Uncertainty

Analyze uncertainty.

Currently, all implemented approaches are based on Monte-Carlo dropout [gal2016]. Monte-Carlo dropout relies on the model having dropout layers. While dropout usually is turned off for inference / evaluation mode, MC dropout leaves dropout enabled. Thereby, if we run the same prediction method \(k\) times, we get \(k\) different predictions. The variance of these predictions can be used as an approximation of uncertainty, where larger variance indicates higher uncertainty in the predicted score.

The absolute variance is usually hard to interpret, but comparing the variances with each other can help to identify which scores are more uncertain than others.

The following code-block sketches an example use case, where we train a model with a classification loss, i.e., on the triple classification task.
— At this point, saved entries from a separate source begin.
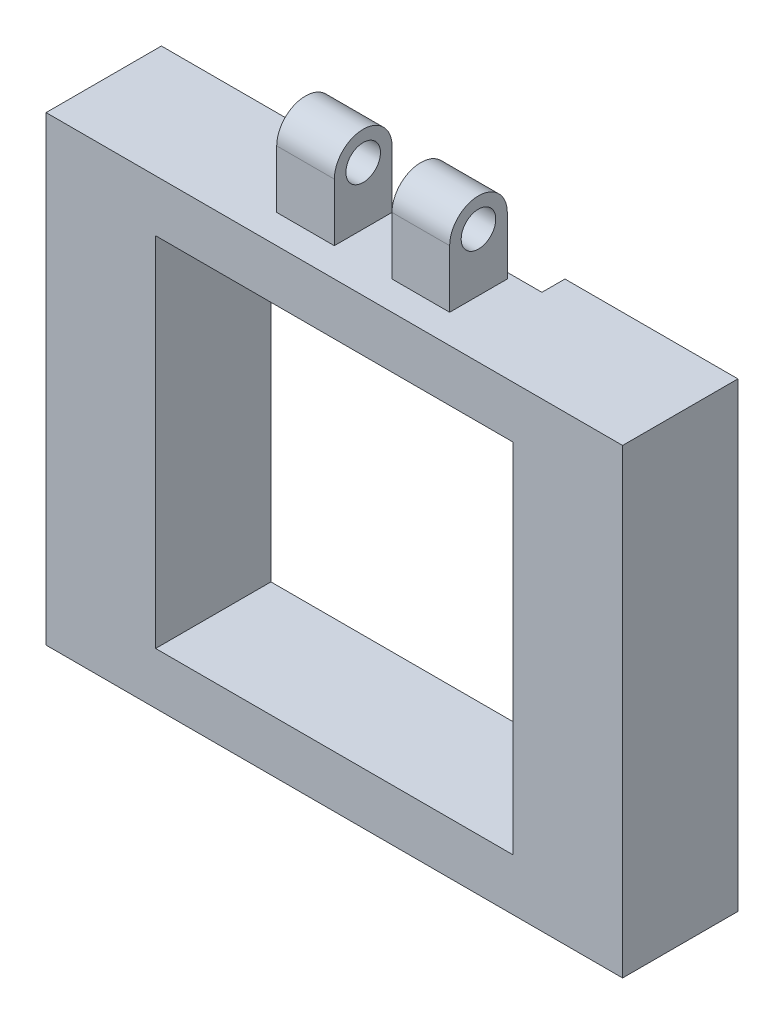
from build123d import *

# Parameters (mm, degrees)
SKETCH1_W           = 50
SKETCH1_H           = 40
BOSS_EXTRUDE1_DEPTH = 10
SKETCH5_W           = 6
SKETCH5_H           = 5
BOSS_EXTRUDE3_DEPTH = 10
SKETCH6_R           = 2
CUT_EXTRUDE1_DEPTH  = 20
SKETCH8_W           = 10
SKETCH8_H           = 40
CUT_EXTRUDE2_DEPTH  = 25
SKETCH9_W           = 10
SKETCH9_H           = 6
SKETCH9_R           = 1.930897171
BOSS_EXTRUDE4_DEPTH = 5
SKETCH10_W          = 10
SKETCH10_H          = 5
CUT_EXTRUDE3_DEPTH  = 15
SKETCH11_W          = 5
SKETCH11_H          = 5
BOSS_EXTRUDE5_DEPTH = 10
SKETCH12_R          = 1.5
CUT_EXTRUDE4_DEPTH  = 10
SKETCH13_W          = 6
SKETCH13_H          = 5
CUT_EXTRUDE5_DEPTH  = 10
SKETCH15_W          = 5
SKETCH15_H          = 5
BOSS_EXTRUDE7_DEPTH = 10
SKETCH18_W          = 5
SKETCH18_H          = 5
CUT_EXTRUDE7_DEPTH  = 10
SKETCH19_R          = 1.5
CUT_EXTRUDE8_DEPTH  = 43
CUT_EXTRUDE9_DEPTH  = 20
SKETCH21_W          = 31
SKETCH21_H          = 31
CUT_EXTRUDE10_DEPTH = 30
SKETCH22_W          = 20
SKETCH22_H          = 4.999197144
CUT_EXTRUDE11_DEPTH = 2


with BuildPart() as part:
    # Sketch1 → Boss-Extrude1 (new body)
    with BuildSketch(Plane(origin=(669.84184187, 0, 0), x_dir=(1, 0, 0), z_dir=(0, 0, 1))):
        with Locations((-671.310344828, 437.637931034)):
            Rectangle(SKETCH1_W, SKETCH1_H)
    boss_extrude1 = extrude(amount=BOSS_EXTRUDE1_DEPTH)

    # Sketch5 → Boss-Extrude3 (add)
    with BuildSketch(Plane(origin=(23.531497042, 0, 0), x_dir=(0, 0, -1), z_dir=(1, 0, 0))):
        with Locations((-5, 442.637931034)):
            Rectangle(SKETCH5_W, SKETCH5_H)
        with Locations((-5, 432.637931034)):
            Rectangle(SKETCH5_W, SKETCH5_H)
    extrude(amount=BOSS_EXTRUDE3_DEPTH)

    # Sketch6 → Cut-Extrude1 (cut)
    with BuildSketch(Plane(origin=(669.84184187, 445.137931034, 0), x_dir=(1, 0, 0), z_dir=(0, 1, 0))):
        with Locations(Location((-641.310344828, -5, 0), (0, 0, 180))):
            Circle(SKETCH6_R)
    extrude(amount=-CUT_EXTRUDE1_DEPTH, mode=Mode.SUBTRACT)

    # Sketch8 → Cut-Extrude2 (cut)
    with BuildSketch(Plane.ZY.offset(26.468502958)):
        with Locations((5, 437.637931034)):
            Rectangle(SKETCH8_W, SKETCH8_H)
    extrude(amount=-CUT_EXTRUDE2_DEPTH, mode=Mode.SUBTRACT)

    # Sketch9 → Boss-Extrude4 (add)
    with BuildSketch(Plane(origin=(0, 435.137931034, 0), x_dir=(1, 0, 0), z_dir=(0, 1, 0))):
        with Locations((28.531497042, -5)):
            Rectangle(SKETCH9_W, SKETCH9_H)
        with Locations(Location((28.531497042, -5, 0), (0, 0, 180))):
            Circle(SKETCH9_R, mode=Mode.SUBTRACT)
    extrude(amount=BOSS_EXTRUDE4_DEPTH)

    # Sketch10 → Cut-Extrude3 (cut)
    with BuildSketch(Plane.XY.offset(8)):
        with Locations((28.531497042, 432.637931034)):
            Rectangle(SKETCH10_W, SKETCH10_H)
        with Locations((28.531497042, 442.637931034)):
            Rectangle(SKETCH10_W, SKETCH10_H)
    extrude(amount=-CUT_EXTRUDE3_DEPTH, mode=Mode.SUBTRACT)

    # Mirror1: Boss-Extrude1 across plane
    add(boss_extrude1.mirror(Plane(origin=(-1.468502958, 0, 0), x_dir=(0, 0, 1), z_dir=(1, 0, 0))))

    # Sketch11 → Boss-Extrude5 (add)
    with BuildSketch(Plane(origin=(0, 457.637931034, 0), x_dir=(1, 0, 0), z_dir=(0, 1, 0))):
        with Locations((-1.468502958, -5)):
            Rectangle(SKETCH11_W, SKETCH11_H)
    extrude(amount=BOSS_EXTRUDE5_DEPTH)

    # Sketch12 → Cut-Extrude4 (cut)
    with BuildSketch(Plane(origin=(1.031497042, 0, 0), x_dir=(0, 0, -1), z_dir=(1, 0, 0))):
        with Locations((-5, 462.637931034)):
            Circle(SKETCH12_R)
    extrude(amount=-CUT_EXTRUDE4_DEPTH, mode=Mode.SUBTRACT)

    # Sketch13 → Cut-Extrude5 (cut)
    with BuildSketch(Plane(origin=(33.531497042, 0, 0), x_dir=(0, 0, -1), z_dir=(1, 0, 0))):
        with Locations((-5, 437.637931034)):
            Rectangle(SKETCH13_W, SKETCH13_H)
    extrude(amount=-CUT_EXTRUDE5_DEPTH, mode=Mode.SUBTRACT)

    # Sketch15 → Boss-Extrude7 (add)
    with BuildSketch(Plane(origin=(0, 457.637931034, 0), x_dir=(1, 0, 0), z_dir=(0, 1, 0))):
        with Locations((-6.468502958, -5)):
            Rectangle(SKETCH15_W, SKETCH15_H)
        with Locations((3.531497042, -5)):
            Rectangle(SKETCH15_W, SKETCH15_H)
    extrude(amount=BOSS_EXTRUDE7_DEPTH)

    # Sketch18 → Cut-Extrude7 (cut)
    with BuildSketch(Plane(origin=(0, 467.637931034, 0), x_dir=(1, 0, 0), z_dir=(0, 1, 0))):
        with Locations((-1.468502958, -5)):
            Rectangle(SKETCH18_W, SKETCH18_H)
    extrude(amount=-CUT_EXTRUDE7_DEPTH, mode=Mode.SUBTRACT)

    # Sketch19 → Cut-Extrude8 (cut)
    with BuildSketch(Plane.ZY.offset(8.968502958)):
        with Locations((5, 462.637931034)):
            Circle(SKETCH19_R)
    extrude(amount=-CUT_EXTRUDE8_DEPTH, mode=Mode.SUBTRACT)

    # Sketch20 → Cut-Extrude9 (cut)
    with BuildSketch(Plane(origin=(6.031497042, 0, 0), x_dir=(0, 0, -1), z_dir=(1, 0, 0))):
        with BuildLine():
            Line((-7.5, 467.637931034), (-7.5, 462.637931034))
            ThreePointArc((-7.5, 462.637931034), (-5, 465.137931034), (-2.5, 462.637931034))
            Line((-2.5, 462.637931034), (-2.5, 467.637931034))
            Line((-2.5, 467.637931034), (-7.5, 467.637931034))
        make_face()
    extrude(amount=-CUT_EXTRUDE9_DEPTH, mode=Mode.SUBTRACT)

    # Sketch21 → Cut-Extrude10 (cut)
    with BuildSketch(Plane.XY.offset(10)):
        with Locations((-1.468502958, 437.637931034)):
            Rectangle(SKETCH21_W, SKETCH21_H)
    extrude(amount=-CUT_EXTRUDE10_DEPTH, mode=Mode.SUBTRACT)

    # Sketch22 → Cut-Extrude11 (cut)
    with BuildSketch(Plane(origin=(0, 0, 0), x_dir=(-1, 0, 0), z_dir=(0, 0, -1))):
        with Locations((1.468502958, 455.138332462)):
            Rectangle(SKETCH22_W, SKETCH22_H)
    extrude(amount=-CUT_EXTRUDE11_DEPTH, mode=Mode.SUBTRACT)


solid = part.part

from pykeen.pipeline import pipeline
from pykeen.models.uncertainty import predict_hrt_uncertain

# train model
# note: as this is an example, the model is only trained for a few epochs,
#       but not until convergence. In practice, you would usually first verify that
#       the model is sufficiently good in prediction, before looking at uncertainty scores
result = pipeline(dataset="nations", model="ERMLPE", loss="bcewithlogits")

# predict triple scores with uncertainty
prediction_with_uncertainty = predict_hrt_uncertain(
    model=result.model,
    hrt_batch=result.training.mapped_triples[0:8],
)

# use a larger number of samples, to increase quality of uncertainty estimate
prediction_with_uncertainty = predict_hrt_uncertain(
    model=result.model,
    hrt_batch=result.training.mapped_triples[0:8],
    num_samples=100,
)

# get most and least uncertain prediction on training set
prediction_with_uncertainty = predict_hrt_uncertain(
    model=result.model,
    hrt_batch=result.training.mapped_triples,
    num_samples=100,
)
df = result.training.tensor_to_df(
    result.training.mapped_triples,
    logits=prediction_with_uncertainty.score[:, 0],
    probability=prediction_with_uncertainty.score[:, 0].sigmoid(),
    uncertainty=prediction_with_uncertainty.uncertainty[:, 0],
)
print(df.nlargest(5, columns="uncertainty"))
print(df.nsmallest(5, columns="uncertainty"))

A collection of related work on uncertainty quantification can be found here: https://github.com/uncertainty-toolbox/uncertainty-toolbox/blob/master/docs/paper_list.md

Functions

predict_hrt_uncertain(model, hrt_batch[, ...])

Calculate the scores with uncertainty quantification via Monte-Carlo dropout.

predict_h_uncertain(model, rt_batch[, ...])

Forward pass using left side (head) prediction for obtaining scores of all possible heads.

predict_t_uncertain(model, hr_batch[, ...])

Forward pass using right side (tail) prediction for obtaining scores of all possible tails.

predict_r_uncertain(model, ht_batch[, ...])

Forward pass using middle (relation) prediction for obtaining scores of all possible relations.

predict_uncertain_helper(model, batch, ...)

Predict with uncertainty estimates via Monte-Carlo dropout.

Classes

MissingDropoutError

Raised during uncertainty analysis if no dropout modules are present.

UncertainPrediction(score, uncertainty)

A pair of predicted scores and corresponding uncertainty.